── Source material

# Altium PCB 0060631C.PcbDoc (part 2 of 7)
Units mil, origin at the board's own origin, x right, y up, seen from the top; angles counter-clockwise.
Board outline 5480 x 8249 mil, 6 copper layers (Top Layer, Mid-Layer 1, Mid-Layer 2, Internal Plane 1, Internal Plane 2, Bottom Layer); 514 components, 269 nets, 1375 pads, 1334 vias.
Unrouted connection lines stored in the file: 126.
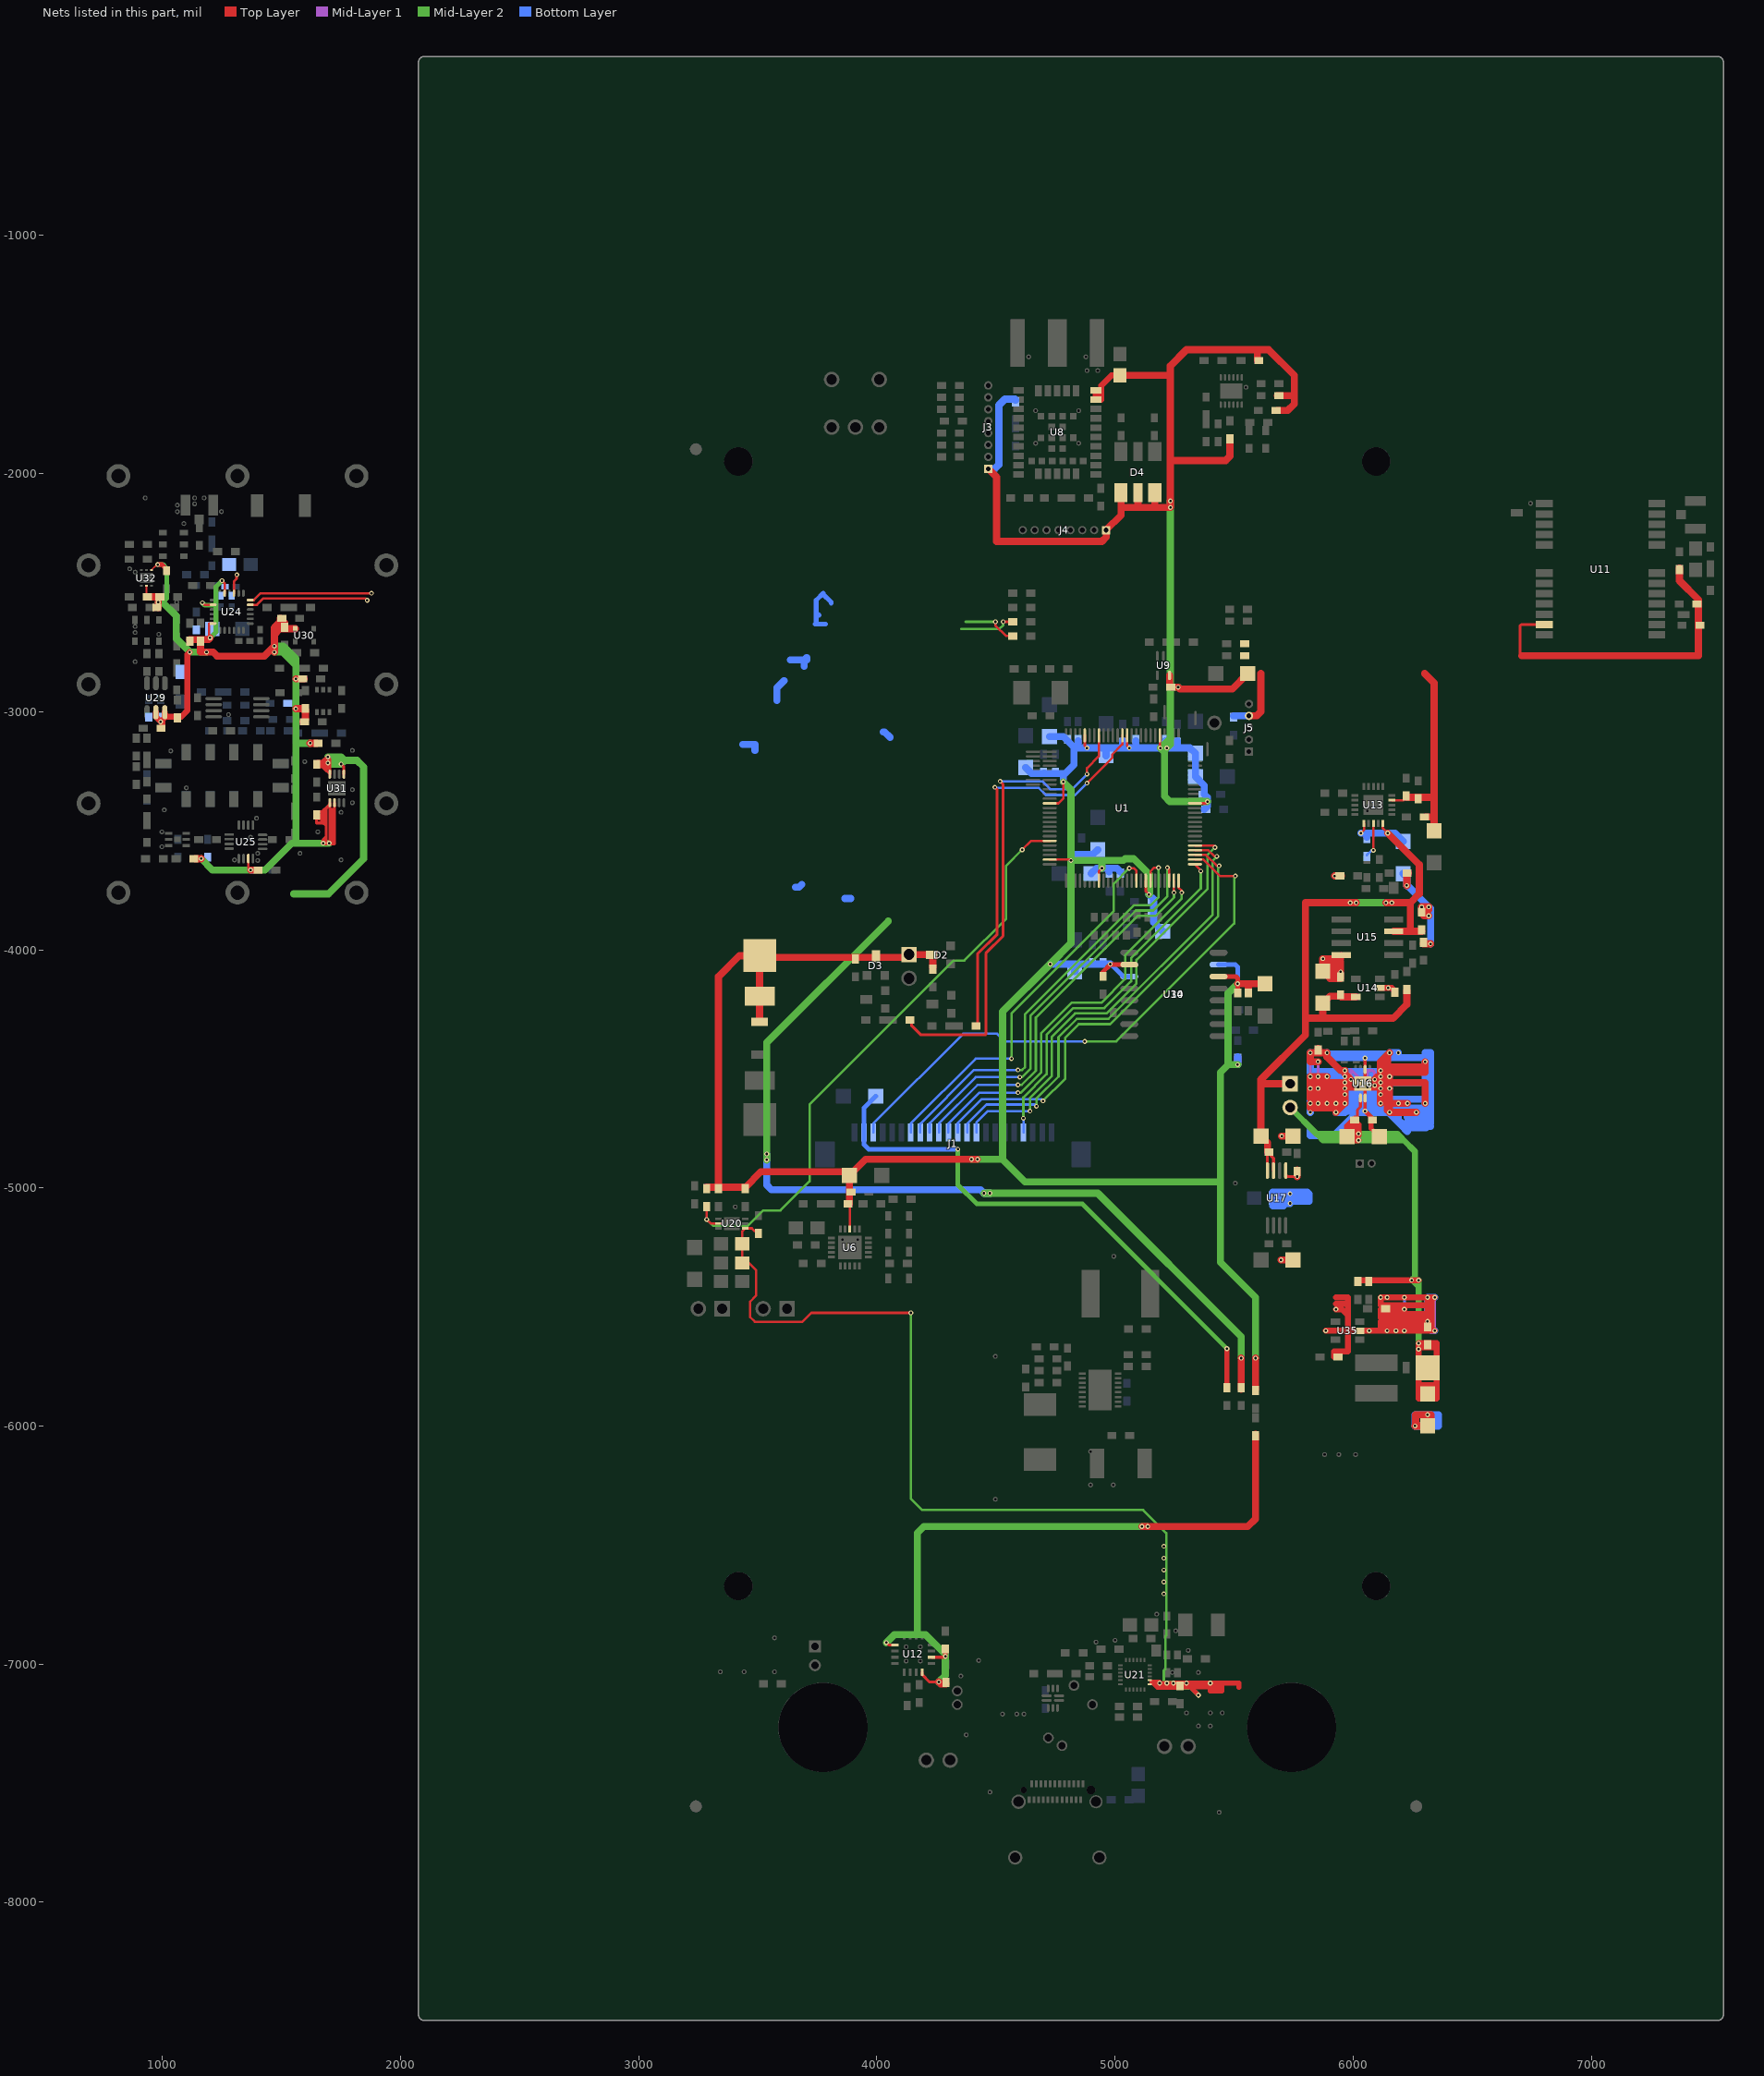
[diagram p6: the nets of this part, all layers, seen from the top]

## Via types
v1: diameter 20, hole 10, Top Layer to Bottom Layer, 1334 vias

## Nets (pads, with @x,y where several pads share a name; then routed paths per layer and width w, separated by ;. In a path a pad name is that pad's centre, name@x,y a point inside that pad or via, vN(x,y) a via of type N, cw(c..) or ccw(c..) an arc to the next point about the centre after c; other vN are vias at no path point)
+3.3V: BZ1.1 BZ2.1 BZ3.1 BZ4.1 C1.1 C2.1 C3.1 C4.1 C5.1 C6.1 C7.1 C8.1 C9.1 C10.1 C13.1 C14.1 C15.1 C16.1 C17.1 C18.1 C19.1 C20.1 C21.1 C22.1 C23.1 C24.1 C25.1 C26.1 C27.1 C30.1 C32.1 C33.1 C34.1 C35.1 C36.1 C37.1 C38.1 C41.1 C47.1 C57.1 C122.1 C123.1 C124.1 D2.3 D3.3 D4.2 D4.4 D4.6 J3.1 J4.1 J5.4 R3.1 R8.1 R22.1 R25.1 R30.1 R31.1 R32.2 R40.2 R42.2 R43.1 R44.2 R67.1 R74.2 R75.1 R80.2 R81.1 R83.1 R84.1 R85.1 R124.2 U1.14 U1.30 U1.37 U1.46 U1.62 U1.74 U1.83 U1.93 U6.18 U8.9 U8.10 U9.5 U10.2 U10.14 U11.23 U13.14 U34.2 U34.14 | length 21028.3
  Top Layer w10: R25.1@3885,-5067.5 3886.4,-5068.9 U6.18@3886.4,-5173 ; U1.74@4725.6,-3621.3 4811.3,-3621.3 v1(4815,-3625) ; U1.62@4725.6,-3384.9 4762.6,-3384.9 4782.5,-3365 v1(4782.5,-3295) ; U1.46@4873,-3099.6 4873,-3143 v1(4882.5,-3152.5) ; U1.83@4932.1,-3709.6 4932.1,-3670.4 v1(4945,-3657.5) ; U1.37@5050.3,-3099.6 5050.3,-3142.8 v1(5060,-3152.5) ; U1.93@5129.1,-3709.6 5129.1,-3754.1 v1(5142.5,-3767.5) ; U1.30@5188.2,-3099.6 v1@5188.2,-3150.7 ; U1.14@5335.6,-3384.9 5380.1,-3384.9 v1(5387.5,-3377.5) ; U13.14@6162.3,-3372.2 6210.3,-3372.2 C41.1@6222.5,-3360 ; v1@5188.2,-3150.7 v1(5190,-3152.5) v1@5188.2,-3150.7
  Top Layer w12: 6707.5,-2765 6700,-2757.5 6700,-2690 6700,-2640 6705.8,-2634.2 U11.23@6802.8,-2634.2
  Top Layer w20: R40.2@4950,-4117.5 4950,-4092.5 v1@4980,-4062.5 ; v1(4980,-4060) v1@4980,-4062.5 ; U10.2@5060,-4062.5 v1@4980,-4062.5 ; U10.14@5435,-4112.5 5507.5,-4112.5 5515,-4120 v1(5515,-4142.5) ; v1(5515,-4142.5) 5515,-4175 v1(5515,-4142.5)
  Top Layer w26: C25.1@5020,-1587.5 4985,-1587.5 4942.3,-1630.2 4942.3,-1649.8 ; 4942.3,-1649.8 4942.3,-1689.2 U8.9@4919.5,-1689.2 U8.10@4919.5,-1649.8 4942.3,-1649.8
  Top Layer w30: R83.1@3285,-4997.5 R84.1@3335,-4997.5 ; BZ2.1@3507.5,-4302.5 BZ1.1@3507.5,-4195 BZ4.1@3507.5,-4025 ; R25.1@3885,-5067.5 3885,-5017.5 C32.1@3885,-4947.5 ; R8.1@4235,-4075 4235,-4020 BZ3.1@4135,-4020 4122.5,-4032.5 3997.5,-4032.5 3910,-4032.5 3515,-4032.5 BZ4.1@3507.5,-4025 ; v1(4422.5,-4880) v1(4397.5,-4880) 3952.5,-4880 C32.1@3885,-4947.5 ; J3.1@4467.5,-1980 4502.5,-2015 4502.5,-2285 4945,-2285 4963.8,-2266.2 J4.1@4963.8,-2236.2 ; J4.1@4962.5,-2237.5 J4.1@4963.8,-2236.2 ; C25.1@5020,-1587.5 5232.5,-1587.5 ; D4.2@5025,-2080.5 5025,-2142.5 ; D4.4@5096,-2080.5 5096,-2141.5 ; U9.5@5228.7,-2847.5 5228.7,-2886.2 5240,-2897.5 v1(5265,-2897.5) 5272.5,-2905 5492.5,-2905 C37.1@5557.5,-2840 ; R81.1@5482.5,-1860 5482.5,-1927.5 5465,-1945 5232.5,-1945 ; v1(5515,-4142.5) 5560,-4142.5 ; C34.1@5560,-4175 5560,-4142.5 ; J5.4@5562.5,-3017.5 5595,-3017.5 5612.5,-3000 5612.5,-2840 ; R67.1@5590,-5845 v1(5590,-5715) ; R74.2@5597.5,-1525 5597.5,-1480 ; C35.1@5630,-4142.5 5560,-4142.5 ; R75.1@5682.5,-1735 5725,-1735 5752.5,-1707.5 5752.5,-1672.5 ; R80.2@5682.5,-1672.5 5752.5,-1672.5 ; C41.1@6222.5,-3360 6272.5,-3360 6340,-3360 ; 6300,-2840 6340,-2880 6340,-3360 ; R31.1@6305,-3442.5 6340,-3442.5 ; C57.1@6340,-3500 6340,-3442.5 ; 6707.5,-2765 6762.5,-2765 7450,-2765 7450,-2637.5 7450,-2547.5 7450,-2530 7370,-2450 R42.2@7370,-2397.5 ; R84.1@3335,-4997.5 3447.5,-4997.5 3512.5,-4932.5 3870,-4932.5 C32.1@3885,-4947.5 ; R84.1@3335,-4997.5 3335,-4112.5 3422.5,-4025 BZ4.1@3507.5,-4025 ; J4.1@4963.8,-2236.2 5025,-2175 5025,-2142.5 ; 5025,-2142.5 5095,-2142.5 ; 5095,-2142.5 5096,-2141.5 ; 5095,-2142.5 5096,-2142.5 ; 5096,-2142.5 5167,-2142.5 D4.6@5167,-2080.5 5167,-2142 5167.5,-2142.5 ; 5096,-2142.5 5167.5,-2142.5 ; 5096,-2142.5 5096,-2141.5 ; 5167.5,-2142.5 v1(5232.5,-2142.5) v1(5232.5,-2115) 5232.5,-1945 ; 5232.5,-1945 5232.5,-1587.5 ; 5232.5,-1587.5 5232.5,-1547.5 5300,-1480 5597.5,-1480 ; 5597.5,-1480 5645,-1480 5752.5,-1587.5 5752.5,-1672.5 ; 6340,-3442.5 6340,-3360
  Mid-Layer 2 w30: v1(4397.5,-4880) v1(4422.5,-4880) 4527.5,-4880 ; v1(4782.5,-3295) 4815,-3327.5 v1(4815,-3625) ; v1(4945,-3657.5) 4945,-3625 ; v1(5142.5,-3767.5) 5145,-3765 5145,-3685 5077.5,-3617.5 5042.5,-3617.5 5035,-3625 4945,-3625 ; v1(5232.5,-2115) v1(5232.5,-2142.5) 5232.5,-2897.5 ; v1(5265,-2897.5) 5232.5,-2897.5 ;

────

### What needs to be done:
Each line above with the word "part" needs to be copied.

### Answer space:
# Altium PCB 0060631C.PcbDoc (part 2 of 7)
[diagram p6: the nets of this part, all layers, seen from the top]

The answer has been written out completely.